Someone here once posted a great quote: they said how attractive you are increases the quality of woman you can get; practice increases the consistency that you will get them.
Edit: I know you like to change things into "oh so you're saying you're better than other guys." No. Your skill at PU, or how many women youve slept with, or how hot they are dont matter to me. Same way one guy being more practiced at the guitar doesnt make him better than another guy. If you want CONSISTENCY, you need to practice. If you dont, then dont worry about it.
Fuck daygame? I’m willing to wager that a lot more relationships are formed via daygame (via social circle) than nightgame.

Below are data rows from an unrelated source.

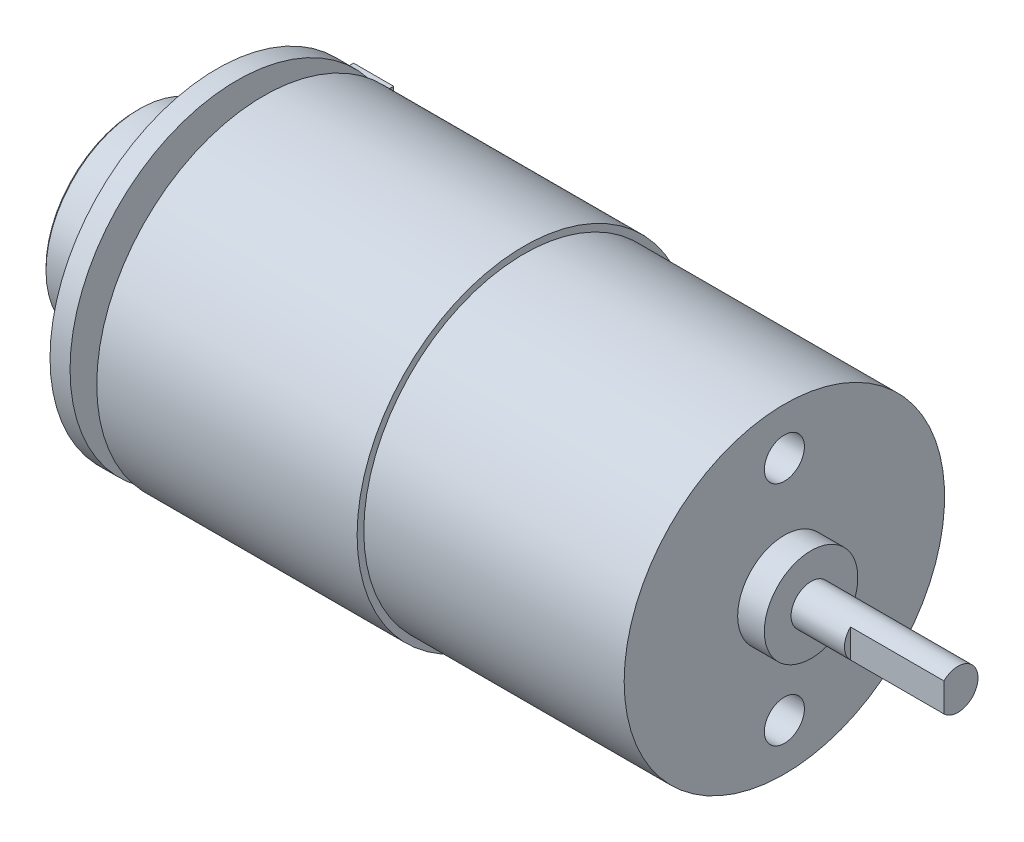
from build123d import *

# Parameters (mm, degrees)
SKETCH_2_R               = 1.5
CUT_EXTRUDE_1_DEPTH      = 3
SKETCH_3_W               = 0.5
SKETCH_3_H               = 3
EXTRUDE_1_DEPTH          = 2
EXTRUDE_START            = 1.5
SKETCH_4_R               = 12.5
EXTRUDE_2_DEPTH          = 1.5
SKETCH_5_R               = 0.5
EXTRUDE_3_DEPTH          = 1
SKETCH_6_R               = 7
EXTRUDE_4_DEPTH          = 5
SKETCH_7_W               = 5
SKETCH_7_H               = 9.498376428
EXTRUDE_5_DEPTH          = 3
CHAMFER_1_SIZE           = 0.2
CUT_EXTRUDE_2_DEPTH      = 38.251363929
CUT_EXTRUDE_2_DEPTH_BACK = 38.251363929
SKETCH_8_W               = 7
SKETCH_8_H               = 0.45


with BuildPart() as part:
    # 草图1 → 旋转1 (revolve)
    with BuildSketch(Plane.XY, mode=Mode.PRIVATE) as revolve_1_sk:
        Polygon((0, 12), (0, 12.5), (-19.5, 12.5), (-19.5, 0), (19.5, 0), (32.5, 0), (32.5, 1.5), (21.5, 1.5), (21.5, 3.5), (19.5, 3.5), (19.5, 12), align=None)
    revolve(revolve_1_sk.sketch.rotate(Axis((-61.965581957, 0, 0), (1, 0, 0)), 90), axis=Axis((-61.965581957, 0, 0), (1, 0, 0)))

    # 草图2 → 切除-拉伸1 (cut)
    with BuildSketch(Plane(origin=(19.5, 0, 0), x_dir=(0, 0, -1), z_dir=(1, 0, 0))):
        with Locations((0, -8.5)):
            Circle(SKETCH_2_R)
        with Locations(Location((0, 8.5, 0), (0, 0, 180))):
            Circle(SKETCH_2_R)
    extrude(amount=-CUT_EXTRUDE_1_DEPTH, mode=Mode.SUBTRACT)

    # 草图3 → 凸台-拉伸1 (add)
    with BuildSketch(Plane.ZY.offset(19.5)):
        with Locations((-9.404663304, 0)):
            Rectangle(SKETCH_3_W, SKETCH_3_H)
        with Locations((9.404663304, 0)):
            Rectangle(SKETCH_3_W, SKETCH_3_H)
    extrude(amount=EXTRUDE_1_DEPTH)

    # 草图4 → 凸台-拉伸2 (add)
    with BuildSketch(Plane.ZY.offset(21.5).offset(EXTRUDE_START)):
        Circle(SKETCH_4_R)
    extrude(amount=-EXTRUDE_2_DEPTH)

    # 草图5 → 凸台-拉伸3 (add)
    with BuildSketch(Plane.ZY.offset(23)):
        Circle(SKETCH_5_R)
    extrude(amount=EXTRUDE_3_DEPTH)

    # 草图6 → 凸台-拉伸4 (add)
    with BuildSketch(Plane.ZY.offset(24)):
        Circle(SKETCH_6_R)
    extrude(amount=EXTRUDE_4_DEPTH)

    # 草图7 → 凸台-拉伸5 (add)
    with BuildSketch(Plane.ZY.offset(23)):
        with Locations((-10.734958049, 0)):
            Rectangle(SKETCH_7_W, SKETCH_7_H)
    extrude(amount=EXTRUDE_5_DEPTH)

    # 倒角1
    chamfer_1_edges = [part.edges().sort_by_distance(p)[0] for p in [
        (-29, 0, -7),
    ]]
    chamfer(chamfer_1_edges, length=CHAMFER_1_SIZE)

    # 草图8 → 切除-拉伸2 (cut, two sides: drawn at the far end of the back side and taken through both)
    with BuildSketch(Plane(origin=(0, 0, 0), x_dir=(1, 0, 0), z_dir=(0, 1, 0)).offset(-CUT_EXTRUDE_2_DEPTH_BACK)):
        with Locations((29, -1.275)):
            Rectangle(SKETCH_8_W, SKETCH_8_H)
    extrude(amount=CUT_EXTRUDE_2_DEPTH + CUT_EXTRUDE_2_DEPTH_BACK, mode=Mode.SUBTRACT)


solid = part.part

I don’t have the time to reply to every point, but I can broadly say that you’re obviously giving advice that targets night game. I agree that some of the stuff (but not all) you mention will require practice. That still doesn’t mean that you have to dedicate special time to it (back to my original point!). You just do it when the opportunity presents itself. If that means you go out more often, then you do that. But that implies that the person who needs advice spends a lot of time behind closed doors.
Part of your strategy presents a conundrum: when do you stop “finding more choices” and finally accept that you’ve found “the one?” What if you let go out one of the best ones you’ll ever meet? Odds are you aren’t going to be getting back with the ones you broke up with, unless they, ironically, have no “choices” themselves. Sounds to me like you don’t know what you’re actually looking for? Maybe that’s just me.